Tuesday/ last night’s party was a pip
These little mandarins make one feel like the giant in Jack and the Beanstalk. The peel comes off easily and then you pop the whole mandarin in your mouth. Most of them don’t even have seeds* to deal with. Very nice!
*when eating an orange or a mandarin outside of the USA (in say, South Africa or Great Britain), say pips and not seeds. Just for fun I looked up ‘pip’ on dictionary.com and found another meaning for it. Check out the explanation for ‘last night’s party was a pip’ !
pip
noun
1. a small seed, especially of a fleshy fruit, as an apple or orange.
2. Also called pipperoo. Informal . Someone or something wonderful: Last night’s party was a pip.
Origin: 1590–1600; 1910–15 for def. 2; short for pippin
Monday/ Sunday drive Supercar Crash
This white Audi R8 V10 Coupé is parked in the hotel lobby for a promotion. Asked what it costs, the attendant said ‘more than ¥2m (US$314,000)’. I think it can be bought for under $200k in the USA, though.
(The other pictures are from searches I did on-line). NHK World TV from Japan reported here that Chugoku Expressway in Shimonoseki, Japan was the scene of a very costly crash on Sunday which reduced eight Ferraris, one Lamborghini and three Mercedes-Benz to wrecks (no serious injuries to the 10 drivers and passengers, though). It was a gathering of luxury sportscar owners going for a Sunday afternoon drive toward Hiroshima. The front driver struck a median while crossing lanes and set off a chain reaction of crashes which was all over in less than a minute. Eyewitnesses say the cars were going at a fair clip, some 140-160 km/h (up to 100mph), and driving too close together. It is not clear if the little Prius was caught up in the tangle as well, or if it was parked on the side of the road.

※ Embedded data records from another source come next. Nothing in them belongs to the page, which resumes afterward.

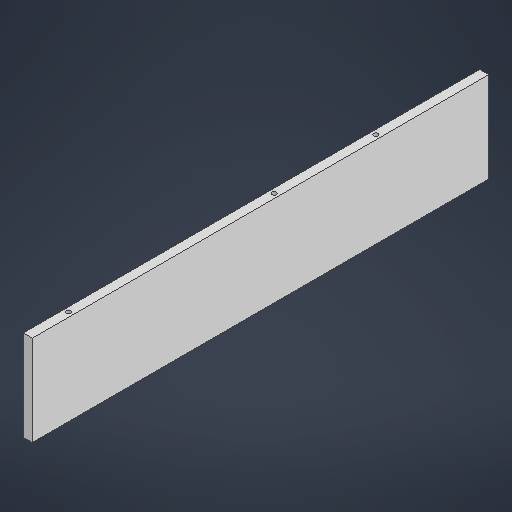
# Autodesk Inventor part: DindingRobotKananKiri
Saved by Autodesk Inventor 2026.1 (Build 301233020, 233B)
## iProperties
Created: 2025-11-08
Part Number: DindingRobotKananKiri
Material: Generic
Document SubType Name: Modeling
Designer: FrianVex
Density: 1 g/cm^3
Appearance: Default
Author: FrianVex
Autodesk Inventor part; units mm, degrees
ref_plane "YZ Plane" through (0, 0, 0) normal (1, 0, 0) x (0, 1, 0)
ref_plane "XZ Plane" through (0, 0, 0) normal (0, 1, 0) x (-1, 0, 0)
ref_plane "XY Plane" through (0, 0, 0) normal (0, 0, 1) x (1, 0, 0)
sketch "Sketch1" plane through (0, 0, 0) normal (0, 1, 0) x (-1, 0, 0)
  line L0 (2, -101) -> (-2, -101)
  line L1 (-2, -101) -> (-2, 101)
  line L2 (-2, 101) -> (2, 101)
  line L3 (2, 101) -> (2, -101)
  line L4 (2, -101) -> (-2, 101) construction
  line L5 (-2, -101) -> (2, 101) construction
  circle A0 centre (0, 83) radius 1
  circle A1 centre (0, -53) radius 1
  circle A2 centre (0, -8) radius 1
  point P0 (0, 0)
  dimension "d0" = 4
  dimension "d1" = 202
  dimension "d2" = 2
  dimension "d3" = 18
  dimension "d4" = 2
  dimension "d5" = 2
  dimension "d6" = 48
  dimension "d7" = 2
  dimension "d8" = 2
  dimension "d9" = 2
  dimension "d10" = 93
  constraints: 12 end point, 3 centre point, 2 midpoint, 2 parallel, 1 horizontal, 1 perpendicular
  measures "d0" distance of L1.end L2.end
  measures "d1" distance of L0.end L1.end
  measures "d2" diameter of A0
  measures "d3" distance from line of L2 A0.centre
  measures "d4" distance from line of L3 A0.centre
  measures "d5" diameter of A1
  measures "d6" distance from line of L0 A1.centre
  measures "d7" distance from line of L3 A1.centre
  measures "d8" diameter of A2
  measures "d9" distance from line of L3 A2.centre
  measures "d10" distance from line of L0 A2.centre
extrude "Extrusion1" add sketch "Sketch1" along normal blind 40
body "Solid1"
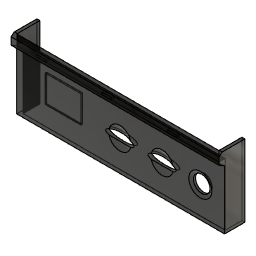
ks-330-io-panel-overlay-1.0-dev (Autodesk Fusion 360 design; units mm, degrees)
Autodesk Fusion 360 part; units mm, degrees
sketch "Front-Base" plane through (0, 0, 0) normal (0, 1, 0) x (1, 0, 0)
  line L0 (-74.9, -0.12) -> (74.9, -0.12)
  line L1 (74.9, -0.12) -> (74.9, -52.12)
  line L2 (74.9, -52.12) -> (-74.9, -52.12)
  line L3 (-74.9, -52.12) -> (-74.9, -0.12)
  dimension "d1" = 149.8
  dimension "d2" = 52
  dimension "d3" = 74.9
  constraint horizontal L0
  constraint vertical L1
  constraint horizontal L2
  constraint vertical L3
  measures "d1" distance of L0.start L0.end
  measures "d2" distance of L0.start L2.end
  measures "d3" distance of origin L1
extrude "Extrude1" add sketch "Front-Base" along normal blind 2.54
sketch "Back-Ears" plane through (0, 2.54, 0) normal (0, 1, 0) x (-1, 0, 0)
  line L0 (74.9, 52.12) -> (-74.9, 52.12)
  line L1 (-74.9, 52.12) -> (-74.9, 0.12)
  line L2 (-74.9, 0.12) -> (74.9, 0.12)
  line L3 (74.9, 0.12) -> (74.9, 52.12)
  line L4 (-74.9, 52.12) -> (-72.78, 52.12)
  line L5 (-72.78, 52.12) -> (-72.78, 0.12)
  line L6 (-72.78, 0.12) -> (-74.9, 0.12)
  line L7 (-74.9, 0.12) -> (-74.9, 52.12)
  line L8 (74.9, 52.12) -> (72.78, 52.12)
  line L9 (72.78, 52.12) -> (72.78, 0.12)
  line L10 (72.78, 0.12) -> (74.9, 0.12)
  line L11 (74.9, 0.12) -> (74.9, 52.12)
  line L12 (74.9, 52.12) -> (-74.9, 52.12)
  line L13 (-74.9, 52.12) -> (-74.9, 45.1516)
  line L14 (-74.9, 45.1516) -> (74.9, 45.1516)
  line L15 (74.9, 45.1516) -> (74.9, 52.12)
  dimension "d7" = 2.12
  dimension "d8" = 2.12
  constraint horizontal L4
  constraint vertical L5
  constraint horizontal L6
  constraint vertical L7
  constraint coincident L0.end L1.start
  constraint horizontal L8
  constraint vertical L9
  constraint horizontal L10
  constraint vertical L11
  constraint coincident L0.start L3.end
  constraint horizontal L12
  constraint vertical L13
  constraint horizontal L14
  constraint vertical L15
  constraint coincident L7 L13.end
  measures "d7" distance of L0.end L4.end
  measures "d8" distance of L0.start L8.end
sketch "LEDSection-Front-Extrusion" plane through (0, 0, 0) normal (0, -1, 0) x (1, 0, 0)
  line L0 (74.9, 52.12) -> (-74.9, 52.12)
  line L1 (-74.9, 52.12) -> (-74.9, 0.12)
  line L2 (-74.9, 0.12) -> (74.9, 0.12)
  line L3 (74.9, 0.12) -> (74.9, 52.12)
  line L4 (-74.9, 52.12) -> (74.9, 52.12)
  line L5 (74.9, 52.12) -> (74.9, 42.62)
  line L6 (74.9, 42.62) -> (-74.9, 42.62)
  line L7 (-74.9, 42.62) -> (-74.9, 52.12)
  dimension "d9" = 9.5
  constraint horizontal L4
  constraint vertical L5
  constraint horizontal L6
  constraint vertical L7
  constraint coincident L0.end L1.start
  measures "d9" distance of L0.end L6.end
extrude "Extrude2" add sketch "LEDSection-Front-Extrusion" along normal blind 4 contours L0 L1 L3 L4 L5 L6 L7
extrude "Extrude3" add sketch "Back-Ears" along normal blind 12.065 contours L0 L3 L8 L9 L11 L12 L14 L15 | L2 L3 L9 L10 L11 L14 | L0 L1 L4 L5 L7 L12 L13 L14 | L1 L2 L5 L6 L7 L14
sketch "LEDSection-Right-Chamfer" plane through (74.9, 0, 0) normal (1, 0, 0) x (0, 1, 0)
  line L0 (0, 42.62) -> (0, 0.12)
  line L1 (0, 0.12) -> (14.605, 0.12)
  line L2 (14.605, 0.12) -> (14.605, 52.12)
  line L3 (14.605, 52.12) -> (-4, 52.12)
  line L4 (-4, 52.12) -> (-4, 42.62)
  line L5 (-4, 42.62) -> (0, 42.62)
  line L6 (0, 42.62) -> (-4, 44.9294)
  line L7 (0, 42.62) -> (4.6188, 42.62) construction
  line L8 (-1.75, 52.12) -> (-4, 50.232)
  line L9 (-1.75, 52.12) -> (-5.2322, 52.12) construction
  line L10 (-4, 52.12) -> (-1.75, 52.12)
  line L11 (-4, 50.232) -> (-4, 52.12)
  line L12 (-4, 44.9294) -> (-4, 42.62)
  line L13 (0, 42.62) -> (-4, 42.62)
  dimension "d14" = 150
  dimension "d15" = 40
  dimension "d16" = 2.25
  constraint horizontal L7
  constraint coincident L0.start L5.end
  constraint coincident L4 L6.end
  constraint horizontal L9
  constraint coincident L3 L8.start
  constraint coincident L4 L8.end
  constraint coincident L3.end L4.start
  constraint coincident L4.end L5.start
  measures "d14" angle of L6 L7
  measures "d15" angle of L8 L9
  measures "d16" horizontal distance of L8.start L8.end
extrude "Extrude4" cut sketch "LEDSection-Right-Chamfer" against normal blind 150 contours L4 L5 L6 L12 L13 | L3 L4 L8 L10 L11
sketch "LEDSection-Back-Lowering" plane through (0, 2.54, 0) normal (0, 1, 0) x (-1, 0, 0)
  line L0 (72.78, 0.12) -> (72.78, 52.12)
  line L1 (72.78, 52.12) -> (-72.78, 52.12)
  line L2 (-72.78, 52.12) -> (-72.78, 0.12)
  line L3 (-72.78, 0.12) -> (72.78, 0.12)
  line L4 (-72.78, 52.12) -> (72.78, 52.12)
  line L5 (72.78, 52.12) -> (72.78, 44.9322)
  line L6 (72.78, 44.9322) -> (-72.78, 44.9322)
  line L7 (-72.78, 44.9322) -> (-72.78, 52.12)
  constraint horizontal L4
  constraint vertical L5
  constraint horizontal L6
  constraint vertical L7
  constraint coincident L0 L5.end
  constraint coincident L1.end L2.start
extrude "Extrude5" cut sketch "LEDSection-Back-Lowering" against normal blind 4.445 contours L0 L1 L2 L4 L5 L6 L7
sketch "LEDSection-Left-InnerChamfer" plane through (-74.9, 0, 0) normal (-1, 0, 0) x (0, -1, 0)
  line L0 (4, 50.232) -> (1.75, 52.12)
  line L1 (1.75, 52.12) -> (-14.605, 52.12)
  line L2 (-14.605, 52.12) -> (-14.605, 0.12)
  line L3 (-14.605, 0.12) -> (0, 0.12)
  line L4 (0, 0.12) -> (0, 42.62)
  line L5 (0, 42.62) -> (4, 44.9294)
  line L6 (4, 44.9294) -> (4, 50.232)
  line L7 (1.9053, 51.9897) -> (1.9034, 51.9897)
  line L8 (1.9034, 45.2797) -> (1.9053, 45.2797)
  line L9 (1.9053, 45.2797) -> (1.9053, 51.9897)
  line L10 (1.9053, 45.2797) -> (-2.5437, 42.7111)
  line L11 (-2.5437, 42.7111) -> (-2.5437, 45.2797)
  line L12 (-2.5437, 45.2797) -> (1.9053, 45.2797)
  line L13 (1.9053, 45.2797) -> (1.9053, 44.93)
  line L14 (1.9053, 44.93) -> (1.2996, 44.93)
  dimension "d23" = 6.71
  constraint horizontal L7
  constraint horizontal L8
  constraint vertical L9
  constraint coincident L0 L7.start
  constraint perpendicular L9 L12
  constraint perpendicular L8 L13
  constraint coincident L10 L14.end
  constraint perpendicular L13 L14
  measures "d23" distance of L7.start L8.end
sketch "LEDSection-Back-Cutout" plane through (0, -1.905, 0) normal (0, 1, 0) x (-1, 0, 0)
  line L0 (72.78, 51.9899) -> (-72.78, 51.9899)
  line L1 (-72.78, 51.9899) -> (-72.78, 44.9322)
  line L2 (-72.78, 44.9322) -> (72.78, 44.9322)
  line L3 (72.78, 44.9322) -> (72.78, 51.9899)
  line L4 (-44.28, 48.2399) -> (-37.28, 48.2399)
  line L5 (-37.28, 48.2399) -> (-37.28, 46.6399)
  line L6 (-37.28, 46.6399) -> (-44.28, 46.6399)
  line L7 (-44.28, 46.6399) -> (-44.28, 48.2399)
  line L8 (2.72, 48.2399) -> (9.72, 48.2399)
  line L9 (9.72, 48.2399) -> (9.72, 46.6399)
  line L10 (9.72, 46.6399) -> (2.72, 46.6399)
  line L11 (2.72, 46.6399) -> (2.72, 48.2399)
  line L12 (49.72, 48.2399) -> (56.72, 48.2399)
  line L13 (56.72, 48.2399) -> (56.72, 46.6399)
  line L14 (56.72, 46.6399) -> (49.72, 46.6399)
  line L15 (49.72, 46.6399) -> (49.72, 48.2399)
  dimension "d30" = 7
  dimension "d31" = 1.6
  dimension "d32" = 28.5
  dimension "d33" = 7
  dimension "d34" = 1.6
  dimension "d35" = 40
  dimension "d36" = 7
  dimension "d37" = 1.6
  dimension "d38" = 40
  dimension "d39" = 3.75
  dimension "d40" = 3.75
  dimension "d41" = 3.75
  constraint horizontal L4
  constraint vertical L5
  constraint horizontal L6
  constraint vertical L7
  constraint horizontal L8
  constraint vertical L9
  constraint horizontal L10
  constraint vertical L11
  constraint horizontal L12
  constraint vertical L13
  constraint horizontal L14
  constraint vertical L15
  measures "d30" distance of L4.start L4.end
  measures "d31" distance of L4.start L6.end
  measures "d32" distance of L1 L7
  measures "d33" distance of L8.start L8.end
  measures "d34" distance of L8.start L10.end
  measures "d35" distance of L5 L11
  measures "d36" distance of L12.start L12.end
  measures "d37" distance of L12.start L14.end
  measures "d38" distance of L9 L14.end
  measures "d39" distance of L0 L8
  measures "d40" distance of L0 L4
  measures "d41" distance of L0 L12
extrude "Extrude9" cut sketch "LEDSection-Back-Cutout" against normal blind 1.8 contours L4 L5 L6 L7 | L8 L9 L10 L11 | L12 L13 L14 L15
sketch "IOSection-Back" plane through (0, 2.54, 0) normal (0, 1, 0) x (-1, 0, 0)
  line L0 (72.78, 44.9322) -> (-72.78, 44.9322)
  line L1 (-72.78, 44.9322) -> (-72.78, 0.12)
  line L2 (-72.78, 0.12) -> (72.78, 0.12)
  line L3 (72.78, 0.12) -> (72.78, 44.9322)
  line L4 (30.1, 34.37) -> (55.9, 34.37)
  line L5 (55.9, 34.37) -> (55.9, 14.77)
  line L6 (55.9, 14.77) -> (30.1, 14.77)
  line L7 (30.1, 14.77) -> (30.1, 34.37)
  line L8 (74.9, 0.12) -> (74.9, 52.12)
  line L9 (-57.4, 22.12) -> (14.6, 22.12)
  line L10 (-74.9, 52.12) -> (-74.9, 0.12)
  circle A0 centre (-57.4, 22.12) radius 6
  line L11 (-51.4, 22.12) -> (-40.05, 22.12)
  line L12 (-40.05, 22.12) -> (-19.65, 22.12)
  line L13 (-19.65, 22.12) -> (-19.65, 19.195)
  line L14 (-19.65, 19.195) -> (-40.05, 19.195)
  line L15 (-40.05, 19.195) -> (-40.05, 22.12)
  line L16 (-19.65, 22.12) -> (-9.65, 22.12)
  line L17 (-9.65, 22.12) -> (10.75, 22.12)
  line L18 (10.75, 22.12) -> (10.75, 19.195)
  line L19 (10.75, 19.195) -> (-9.65, 19.195)
  line L20 (-9.65, 19.195) -> (-9.65, 22.12)
  ellipse E0 centre (-29.85, 22.12) end of major axis (-19.65, 22.12) minor radius 2.925
  line L21 (-40.05, 22.12) -> (-19.65, 22.12)
  line L22 (-29.85, 19.195) -> (-29.85, 25.045)
  ellipse E1 centre (0.55, 22.12) end of major axis (10.75, 22.12) minor radius 2.925
  line L23 (-9.65, 22.12) -> (10.75, 22.12)
  line L24 (0.55, 19.195) -> (0.55, 25.045)
  dimension "d44" = 25.8
  dimension "d45" = 19.6
  dimension "d46" = 19
  dimension "d47" = 14.65
  dimension "d50" = 22
  dimension "d51" = 17.5
  dimension "d52" = 12
  dimension "d53" = 11.35
  dimension "d54" = 20.4
  dimension "d55" = 10
  dimension "d56" = 20.4
  dimension "d57" = 2.925
  dimension "d58" = 2.925
  constraint horizontal L4
  constraint vertical L5
  constraint horizontal L6
  constraint vertical L7
  constraint parallel L2 L9
  constraint coincident L9.start A0.centre
  constraint coincident A0 L11.start
  constraint coincident L9 L11.start
  constraint parallel L9 L11
  constraint horizontal L12
  constraint vertical L13
  constraint horizontal L14
  constraint vertical L15
  constraint perpendicular L13 L16
  constraint horizontal L17
  constraint vertical L18
  constraint horizontal L19
  constraint vertical L20
  constraint midpoint L12 E0.centre
  constraint coincident L11.end E0
  constraint coincident L12.end E0
  constraint midpoint L17 E1.centre
  constraint coincident L16.end E1
  constraint coincident E1 L24.start
  constraint coincident E1 L24.end
  measures "d44" distance of L4.start L4.end
  measures "d45" distance of L4.start L6.end
  measures "d46" distance of L5 L8
  measures "d47" distance of L2 L6
  measures "d50" distance of L2 L9
  measures "d51" distance of L9.start L10
  measures "d52" diameter of A0
  measures "d53" distance of L11.start L11.end
  measures "d54" distance of L11.end L12.end
  measures "d55" distance of L12.end L16.end
  measures "d56" distance of L16.end L17.end
  measures "d57" distance of L12 L14
  measures "d58" distance of L17 L19
extrude "Extrude10" cut sketch "IOSection-Back" against normal blind 1 contours L4 L5 L6 L7
extrude "Extrude11" cut sketch "IOSection-Back" against normal blind 2.54 contours L9 L12 E0 L21 L22 | L9 L12 E0 L21 L22 | L9 L12 E0 L21 L22 | L9 L12 E0 L21 L22 | L9 L17 E1 L23 L24 | L9 L17 E1 L23 L24 | L9 L17 E1 L23 L24 | L9 L17 E1 L23 L24 | A0
sketch "IOSection-Front-Detailing" plane through (0, 0, 0) normal (0, -1, 0) x (1, 0, 0)
  ellipse E0 centre (29.85, 22.12) end of major axis (19.65, 22.12) minor radius 2.925
  ellipse E1 centre (-0.55, 22.12) end of major axis (-10.75, 22.12) minor radius 2.925
  circle A0 centre (57.4, 22.12) radius 6
  line L0 (74.9, 42.62) -> (-74.9, 42.62)
  line L1 (-74.9, 42.62) -> (-74.9, 0.12)
  line L2 (-74.9, 0.12) -> (74.9, 0.12)
  line L3 (74.9, 0.12) -> (74.9, 42.62)
  circle A1 centre (-0.55, 22.12) radius 8
  circle A2 centre (29.85, 22.12) radius 8
  dimension "d61" = 16
  dimension "d62" = 16
  constraint concentric E1 A1
  constraint concentric E0 A2
  measures "d61" diameter of A1
  measures "d62" diameter of A2
chamfer "Chamfer2" distance 2.3 distance2 1 1 edges at (62.994, 0, 19.9503) measured on face at (-53.5167, 0, 21.62)
extrude "Extrude12" cut sketch "IOSection-Front-Detailing" against normal blind 1 contours E0 A2 | E0 A2 | E1 A1 | E1 A1 picked at (28.2628, 17.6671) picked at (31.4372, 26.5729) picked at (-2.1372, 17.6671) picked at (1.0372, 26.5729)
fillet "Fillet1" radius 13.33 4 edges at (-0.55, 1, 30.12) (-0.55, 1, 14.12) (29.85, 1, 30.12) (29.85, 1, 14.12)
extrude "Extrude6" [rolled back] along distance -147.7 taper angle 0
extrude "Extrude7" [rolled back] along distance -147.68 taper angle 0
extrude "Extrude8" [rolled back] along distance -2.12 taper angle 0
chamfer "Chamfer1" [rolled back] left distance 2.4 right distance 4.4
equation "d14 = 180 deg - 30 deg"
equation "d51 = 11.5 mm + 6 mm"
equation "d57 = ( 5.85 / 2 ) * 1 mm"
equation "d58 = ( 5.85 / 2 ) * 1 mm"
named bodies: "KS-330-IOPanel-Overlay"

Sunday/ arrived in Dameisha
Our flight path took us over the Sea of Ochotsk, just over the northern tip of Sakhalin island, Russia’s largest island at about 1/4 the size of Japan. There’s the Asiana plane bound for Hong Kong parked at Gate 32 at Incheon airport in Seoul (see me in the reflection?). And there are a lot of Samsung LED TVs in the airport (it would be sacrilege to have Sonys, right?); this one had a Chevy Malibu commercial on. Now it’s time to snooze for a few hours before Monday morning is upon me.
Saturday/ Asiana Airlines to Seoul and Hong Kong
I’m at Seattle-Tacoma airport at the South Terminal gates waiting for the Asiana Airlines flight (it’s a regular Airbus A330) to Seoul. Then on to Hong Kong for a late Sunday night arrival. A Starbucks at the Hong Kong terminal our agreed-on meeting point for finding the driver for arriving Americans. The pictures are all from the Asiana Airlines website.